# Profibusteilnehmer abmelden



## Outrider (24 Oktober 2009)

Guten Tag,
ich habe einen Betriebsfall wo ein Profibusteilnehmer vom Bus getrennt wird. D.h. die Leitung wird abgezogen weil dieses Element  aus dem Anlagenkonzept zeitweilig verschwindet.
Wenn ich nun einschalte habe ich eine Busfehler weil ein Teilnehmer nicht mer da ist, ich möchte es aber vermeiden jedes Mal mit dem PG die HWconfig zu ändern.
Wer kennt Rat ?


----------



## volker (24 Oktober 2009)

sfc 12 aus der bibliothek


----------



## thomas_1975 (24 Oktober 2009)

dazu noch eine frage,
der Bus muß aber trotzdem in jedem Fall abgeschlossen werden, wenn
der Slave der letzte im Strang ist ?
Kann ich das Terminieren mit einem Repeater vernachläßigen ?

vielen Dank Thomas


----------



## Ralle (24 Oktober 2009)

Der Bus muß immer an den beiden Enden abgeschlossen sein.

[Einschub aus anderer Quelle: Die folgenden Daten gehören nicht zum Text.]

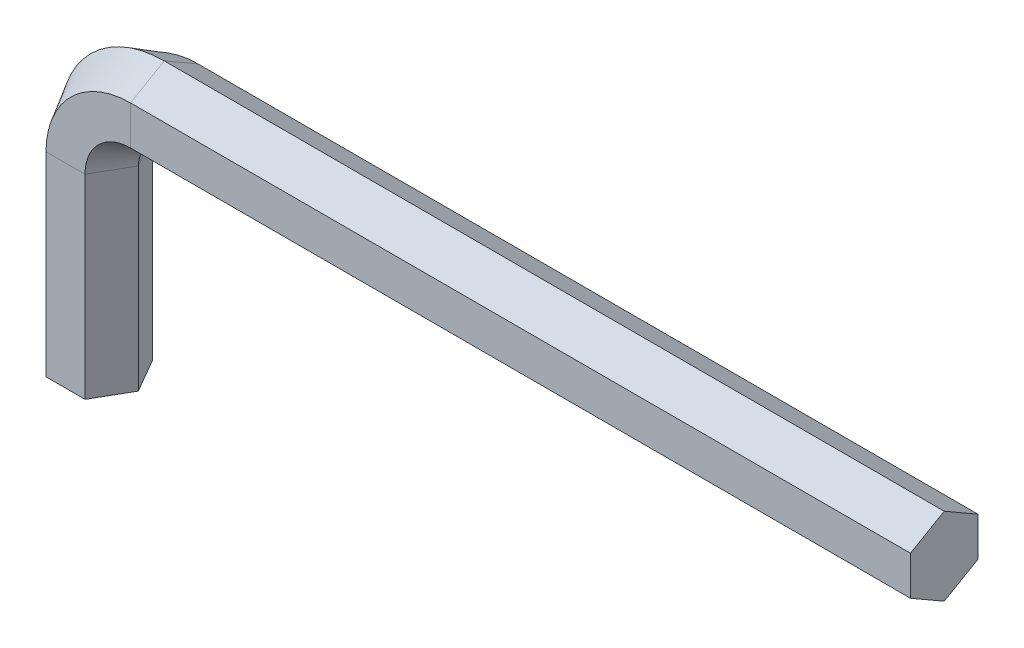
ISO-10303-21;
HEADER;
FILE_DESCRIPTION(('STEP AP214'),'2;1');
FILE_NAME('part.step','',(''),(''),'','','');
FILE_SCHEMA(('AUTOMOTIVE_DESIGN { 1 0 10303 214 1 1 1 1 }'));
ENDSEC;
DATA;
#1=APPLICATION_CONTEXT('core data for automotive mechanical design processes');
#2=APPLICATION_PROTOCOL_DEFINITION('international standard','automotive_design',2000,#1);
#3=PRODUCT_CONTEXT('',#1,'mechanical');
#4=PRODUCT('Part','Part','',(#3));
#5=PRODUCT_RELATED_PRODUCT_CATEGORY('part','',(#4));
#6=PRODUCT_DEFINITION_FORMATION('','',#4);
#7=PRODUCT_DEFINITION_CONTEXT('part definition',#1,'design');
#8=PRODUCT_DEFINITION('design','',#6,#7);
#9=PRODUCT_DEFINITION_SHAPE('','',#8);
#10=(LENGTH_UNIT() NAMED_UNIT(*) SI_UNIT(.MILLI.,.METRE.));
#11=(NAMED_UNIT(*) PLANE_ANGLE_UNIT() SI_UNIT($,.RADIAN.));
#12=(NAMED_UNIT(*) SI_UNIT($,.STERADIAN.) SOLID_ANGLE_UNIT());
#13=UNCERTAINTY_MEASURE_WITH_UNIT(LENGTH_MEASURE(1.E-05),#10,'distance_accuracy_value','');
#14=(GEOMETRIC_REPRESENTATION_CONTEXT(3) GLOBAL_UNCERTAINTY_ASSIGNED_CONTEXT((#13)) GLOBAL_UNIT_ASSIGNED_CONTEXT((#10,
#11,#12)) REPRESENTATION_CONTEXT('',''));
#15=CARTESIAN_POINT('',(0.,0.,0.));
#16=DIRECTION('',(0.,0.,1.));
#17=DIRECTION('',(1.,0.,0.));
#18=AXIS2_PLACEMENT_3D('',#15,#16,#17);
#19=CARTESIAN_POINT('',(0.,0.,0.));
#20=DIRECTION('',(0.,1.,0.));
#21=DIRECTION('',(0.,0.,1.));
#22=AXIS2_PLACEMENT_3D('',#19,#20,#21);
#23=PLANE('',#22);
#24=DIRECTION('',(0.499999999999995,0.,-0.866025403784442));
#25=VECTOR('',#24,1.);
#26=CARTESIAN_POINT('',(1.50000000000003,0.,2.59807621135329));
#27=LINE('',#26,#25);
#28=CARTESIAN_POINT('',(1.50000000000003,0.,2.59807621135329));
#29=VERTEX_POINT('',#28);
#30=CARTESIAN_POINT('',(2.99999999999999,0.,0.));
#31=VERTEX_POINT('',#30);
#32=EDGE_CURVE('E182',#29,#31,#27,.T.);
#33=ORIENTED_EDGE('',*,*,#32,.F.);
#34=DIRECTION('',(1.,0.,0.));
#35=VECTOR('',#34,1.);
#36=CARTESIAN_POINT('',(-1.49999999999997,0.,2.59807621135332));
#37=LINE('',#36,#35);
#38=CARTESIAN_POINT('',(-1.49999999999997,0.,2.59807621135332));
#39=VERTEX_POINT('',#38);
#40=EDGE_CURVE('E224',#39,#29,#37,.T.);
#41=ORIENTED_EDGE('',*,*,#40,.F.);
#42=DIRECTION('',(0.500000000000007,0.,0.866025403784435));
#43=VECTOR('',#42,1.);
#44=CARTESIAN_POINT('',(-2.99999999999999,0.,0.));
#45=LINE('',#44,#43);
#46=CARTESIAN_POINT('',(-2.99999999999999,0.,0.));
#47=VERTEX_POINT('',#46);
#48=EDGE_CURVE('E211',#47,#39,#45,.T.);
#49=ORIENTED_EDGE('',*,*,#48,.F.);
#50=DIRECTION('',(-0.499999999999995,0.,0.866025403784441));
#51=VECTOR('',#50,1.);
#52=CARTESIAN_POINT('',(-1.50000000000001,0.,-2.5980762113533));
#53=LINE('',#52,#51);
#54=CARTESIAN_POINT('',(-1.50000000000001,0.,-2.5980762113533));
#55=VERTEX_POINT('',#54);
#56=EDGE_CURVE('E134',#55,#47,#53,.T.);
#57=ORIENTED_EDGE('',*,*,#56,.F.);
#58=DIRECTION('',(-1.,0.,0.));
#59=VECTOR('',#58,1.);
#60=CARTESIAN_POINT('',(1.49999999999999,0.,-2.59807621135331));
#61=LINE('',#60,#59);
#62=CARTESIAN_POINT('',(1.49999999999999,0.,-2.59807621135331));
#63=VERTEX_POINT('',#62);
#64=EDGE_CURVE('E138',#63,#55,#61,.T.);
#65=ORIENTED_EDGE('',*,*,#64,.F.);
#66=DIRECTION('',(-0.500000000000001,0.,-0.866025403784438));
#67=VECTOR('',#66,1.);
#68=CARTESIAN_POINT('',(2.99999999999999,0.,0.));
#69=LINE('',#68,#67);
#70=EDGE_CURVE('E143',#31,#63,#69,.T.);
#71=ORIENTED_EDGE('',*,*,#70,.F.);
#72=EDGE_LOOP('',(#33,#41,#49,#57,#65,#71));
#73=FACE_BOUND('',#72,.T.);
#74=ADVANCED_FACE('F33',(#73),#23,.F.);
#75=CARTESIAN_POINT('',(65.,20.,0.));
#76=DIRECTION('',(1.,0.,0.));
#77=DIRECTION('',(0.,0.,1.));
#78=AXIS2_PLACEMENT_3D('',#75,#76,#77);
#79=PLANE('',#78);
#80=DIRECTION('',(0.,-0.499999999999995,-0.866025403784442));
#81=VECTOR('',#80,1.);
#82=CARTESIAN_POINT('',(65.,18.5,2.59807621135329));
#83=LINE('',#82,#81);
#84=CARTESIAN_POINT('',(65.,18.5,2.59807621135329));
#85=VERTEX_POINT('',#84);
#86=CARTESIAN_POINT('',(65.,17.,0.));
#87=VERTEX_POINT('',#86);
#88=EDGE_CURVE('E154',#85,#87,#83,.T.);
#89=ORIENTED_EDGE('',*,*,#88,.T.);
#90=DIRECTION('',(0.,0.500000000000001,-0.866025403784438));
#91=VECTOR('',#90,1.);
#92=CARTESIAN_POINT('',(65.,17.,0.));
#93=LINE('',#92,#91);
#94=CARTESIAN_POINT('',(65.,18.5,-2.59807621135331));
#95=VERTEX_POINT('',#94);
#96=EDGE_CURVE('E157',#87,#95,#93,.T.);
#97=ORIENTED_EDGE('',*,*,#96,.T.);
#98=DIRECTION('',(0.,1.,0.));
#99=VECTOR('',#98,1.);
#100=CARTESIAN_POINT('',(65.,18.5,-2.59807621135331));
#101=LINE('',#100,#99);
#102=CARTESIAN_POINT('',(65.,21.5,-2.5980762113533));
#103=VERTEX_POINT('',#102);
#104=EDGE_CURVE('E197',#95,#103,#101,.T.);
#105=ORIENTED_EDGE('',*,*,#104,.T.);
#106=DIRECTION('',(0.,0.499999999999995,0.866025403784441));
#107=VECTOR('',#106,1.);
#108=CARTESIAN_POINT('',(65.,21.5,-2.5980762113533));
#109=LINE('',#108,#107);
#110=CARTESIAN_POINT('',(65.,23.,0.));
#111=VERTEX_POINT('',#110);
#112=EDGE_CURVE('E52',#103,#111,#109,.T.);
#113=ORIENTED_EDGE('',*,*,#112,.T.);
#114=DIRECTION('',(0.,-0.500000000000007,0.866025403784435));
#115=VECTOR('',#114,1.);
#116=CARTESIAN_POINT('',(65.,23.,0.));
#117=LINE('',#116,#115);
#118=CARTESIAN_POINT('',(65.,21.5,2.59807621135332));
#119=VERTEX_POINT('',#118);
#120=EDGE_CURVE('E46',#111,#119,#117,.T.);
#121=ORIENTED_EDGE('',*,*,#120,.T.);
#122=DIRECTION('',(0.,-1.,0.));
#123=VECTOR('',#122,1.);
#124=CARTESIAN_POINT('',(65.,21.5,2.59807621135332));
#125=LINE('',#124,#123);
#126=EDGE_CURVE('E11',#119,#85,#125,.T.);
#127=ORIENTED_EDGE('',*,*,#126,.T.);
#128=EDGE_LOOP('',(#89,#97,#105,#113,#121,#127));
#129=FACE_BOUND('',#128,.T.);
#130=ADVANCED_FACE('F156',(#129),#79,.T.);
#131=CARTESIAN_POINT('',(1.50000000000003,0.,2.59807621135329));
#132=DIRECTION('',(0.866025403784441,0.,0.499999999999995));
#133=DIRECTION('',(0.499999999999995,0.,-0.866025403784441));
#134=AXIS2_PLACEMENT_3D('',#131,#132,#133);
#135=PLANE('',#134);
#136=DIRECTION('',(0.,1.,0.));
#137=VECTOR('',#136,1.);
#138=CARTESIAN_POINT('',(2.99999999999999,0.,0.));
#139=LINE('',#138,#137);
#140=CARTESIAN_POINT('',(2.99999999999999,15.,0.));
#141=VERTEX_POINT('',#140);
#142=EDGE_CURVE('E187',#31,#141,#139,.T.);
#143=ORIENTED_EDGE('',*,*,#142,.T.);
#144=DIRECTION('',(0.499999999999995,0.,-0.866025403784442));
#145=VECTOR('',#144,1.);
#146=CARTESIAN_POINT('',(1.50000000000003,15.,2.59807621135329));
#147=LINE('',#146,#145);
#148=CARTESIAN_POINT('',(1.50000000000003,15.,2.59807621135329));
#149=VERTEX_POINT('',#148);
#150=EDGE_CURVE('E256',#149,#141,#147,.T.);
#151=ORIENTED_EDGE('',*,*,#150,.F.);
#152=DIRECTION('',(0.,1.,0.));
#153=VECTOR('',#152,1.);
#154=CARTESIAN_POINT('',(1.50000000000003,0.,2.59807621135329));
#155=LINE('',#154,#153);
#156=EDGE_CURVE('E238',#29,#149,#155,.T.);
#157=ORIENTED_EDGE('',*,*,#156,.F.);
#158=ORIENTED_EDGE('',*,*,#32,.T.);
#159=EDGE_LOOP('',(#143,#151,#157,#158));
#160=FACE_BOUND('',#159,.T.);
#161=ADVANCED_FACE('F263',(#160),#135,.T.);
#162=CARTESIAN_POINT('',(2.99999999999999,0.,0.));
#163=DIRECTION('',(0.866025403784438,0.,-0.500000000000001));
#164=DIRECTION('',(-0.500000000000001,0.,-0.866025403784438));
#165=AXIS2_PLACEMENT_3D('',#162,#163,#164);
#166=PLANE('',#165);
#167=DIRECTION('',(0.,1.,0.));
#168=VECTOR('',#167,1.);
#169=CARTESIAN_POINT('',(1.49999999999999,0.,-2.59807621135331));
#170=LINE('',#169,#168);
#171=CARTESIAN_POINT('',(1.49999999999999,15.,-2.59807621135331));
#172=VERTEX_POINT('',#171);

Wichtig ist, daß der letzte Teilnehmer mit dem Buswiderstand auch aktiv ist und nicht einfach spannungslos geschaltet wird. Sollte das der Fall sein, gibt es extra aktive Busabschlußwiderstände, welche mit einer Spannung versorgt werden müssen. Wenn der Repater, das erste oder letzte Element in seinem jeweiligen Zweig ist, muß natürlich auch hier terminiert werden!


----------



## AUDSUPERUSER (24 Oktober 2009)

volker schrieb:


> sfc 12 aus der bibliothek



Die SFC12 hat aber die Unart, dass sie nach SPS-Neustart wieder aktiviert werden muss.

Das solltest Du im Programm abfangen


----------



## dennisbz (24 Oktober 2009)

Es gibt auch nen OB, der die SPS am Laufen hält. 
OB83 ? 
Der Teilnehmer ist dann aber nicht abgemeldet, die SPS ignoriert einfach den Fehler.


----------